Los hombres eran pacientes y se acercaban poco a poco desde tres lugares distintos.

De repente, Natashya se dio la vuelta y subió corriendo las escaleras de un edificio cercano. Las sombras cubrían el pasadizo cubierto y supo que se volvería instantáneamente invisible para sus perseguidores.

Pero estos estaban resueltos a no perderla. El sonido de sus pasos, que sonaron indecisos un momento, se volvió a oír con fuerza tras ella.

Natashya corrió ligera y silenciosa gracias a sus zapatos de suela de crepé. Al final del pasadizo saltó por las escaleras hacia la izquierda y se escondió en un lateral del edificio, detrás de unos arbustos. Sacó las pistolas, quitó los seguros y esperó.
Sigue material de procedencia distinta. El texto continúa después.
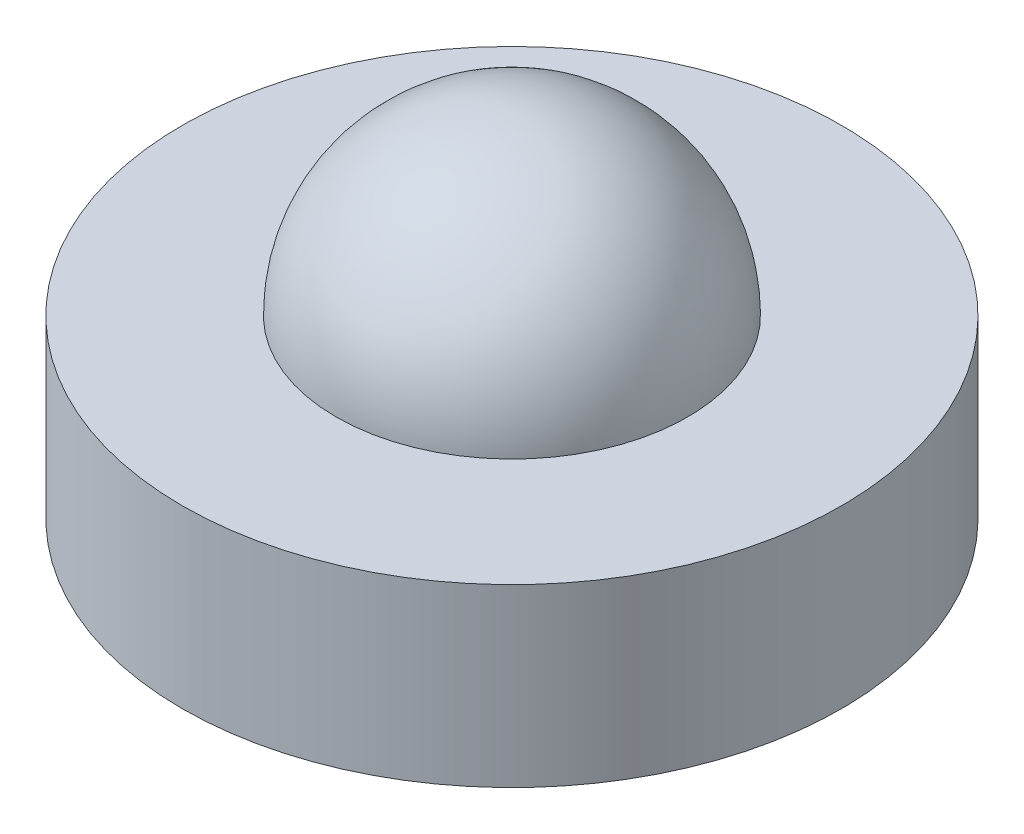
from build123d import *

# Parameters (mm, degrees)
SKETCH1_R               = 3.75
BOSS_EXTRUDE1_DEPTH     = 2
CUT_EXTRUDE1_DEPTH      = 7.642665128
CUT_EXTRUDE1_DEPTH_BACK = 7.642665128
SKETCH3_W               = 4
SKETCH3_H               = 2


with BuildPart() as part:
    # Sketch1 → Boss-Extrude1 (new body)
    with BuildSketch(Plane(origin=(0, 0, 0), x_dir=(1, 0, 0), z_dir=(0, 1, 0))):
        Circle(SKETCH1_R)
    extrude(amount=BOSS_EXTRUDE1_DEPTH)


with BuildPart() as body_2:
    # Sketch2 → Revolve6 (revolve)
    with BuildSketch(Plane(origin=(0, 2, 0), x_dir=(1, 0, 0), z_dir=(0, 1, 0))):
        with BuildLine():
            Line((-2, 0), (2, 0))
            ThreePointArc((2, 0), (0, 2), (-2, 0))
        make_face()
    revolve(axis=Axis((2.864015087, 2, 0), (1, 0, 0)))

    # Sketch3 → Cut-Extrude1 (cut, two sides: drawn at the far end of the back side and taken through both)
    with BuildSketch(Plane.XY.offset(-CUT_EXTRUDE1_DEPTH_BACK)):
        with Locations((0, 1)):
            Rectangle(SKETCH3_W, SKETCH3_H)
    extrude(amount=CUT_EXTRUDE1_DEPTH + CUT_EXTRUDE1_DEPTH_BACK, mode=Mode.SUBTRACT)


solid = Compound([part.part, body_2.part])

Dos hombres llegaron corriendo, se detuvieron y miraron la amplia extensión que tenían delante. Fue una pena que no hubiera otro edificio cerca. Natashya pensó que eso los habría despistado durante más tiempo. Quizás habría podido deshacerse de uno silenciosamente. Pero los puntos de emboscada que muestran los expedientes de campaña no siempre aparecen con las características necesarias para un ataque perfecto.

Los hombres sacaron sus armas, evidentemente se sentían en peligro. La presencia de aquellas armas decidió la intervención de Natashya. Eran más. Eso les daba ventaja, pero ella podía conseguir que las circunstancias le fueran más favorables, allí, en ese momento.

Levantó las pistolas.

Uno de los hombres se volvió hacia ella. También ella tenía la pistola levantada, los brazos doblados para tenerla cerca del cuerpo, como si la mantuviera apuntada a un triángulo de tiro delante de él. La vio por encima de la mira.

Natashya apretó el gatillo de la pistola que llevaba en la mano derecha justo en ese momento. La bala de 9 milímetros le estalló entre los ojos. Volvió a disparar, con la otra pistola, y metió dos balas en el cuello del otro hombre. Por la forma en que se tambaleó pensó que seguramente una de ellas le había sesgado la médula espinal.

Se acercó rápidamente a los cadáveres. Los estallidos sordos y ásperos de sus disparos resonaron en el pasadizo que tenía a la espalda.

Se arrodilló, metió la pistola que llevaba en la mano izquierda en el bolsillo del guardapolvo y los registró. No llevaban identificación alguna. Eso era normal. Cuando se encarga el asesinato a alguien, el contratante normalmente se queda con la identificación de los sicarios para que no puedan rastrearlos hasta él.

La muñequera de uno de ellos le llamó la atención. Oyó voces en los auriculares que llevaba. Estaban sobre aviso Quienquiera que fueran sus atacantes sabían que iba armada.

Natashya estudió la muñequera y reconoció la táctica utilizada por las fuerzas especiales de todo el mundo. Levantó la cubierta esperando ver su cara.

Pero la cara que apareció no era la suya, sino la de Yuliya.

Se levantó, sacó la pistola del guardapolvo y corrió hacia el edificio en el que había dejado a su hermana.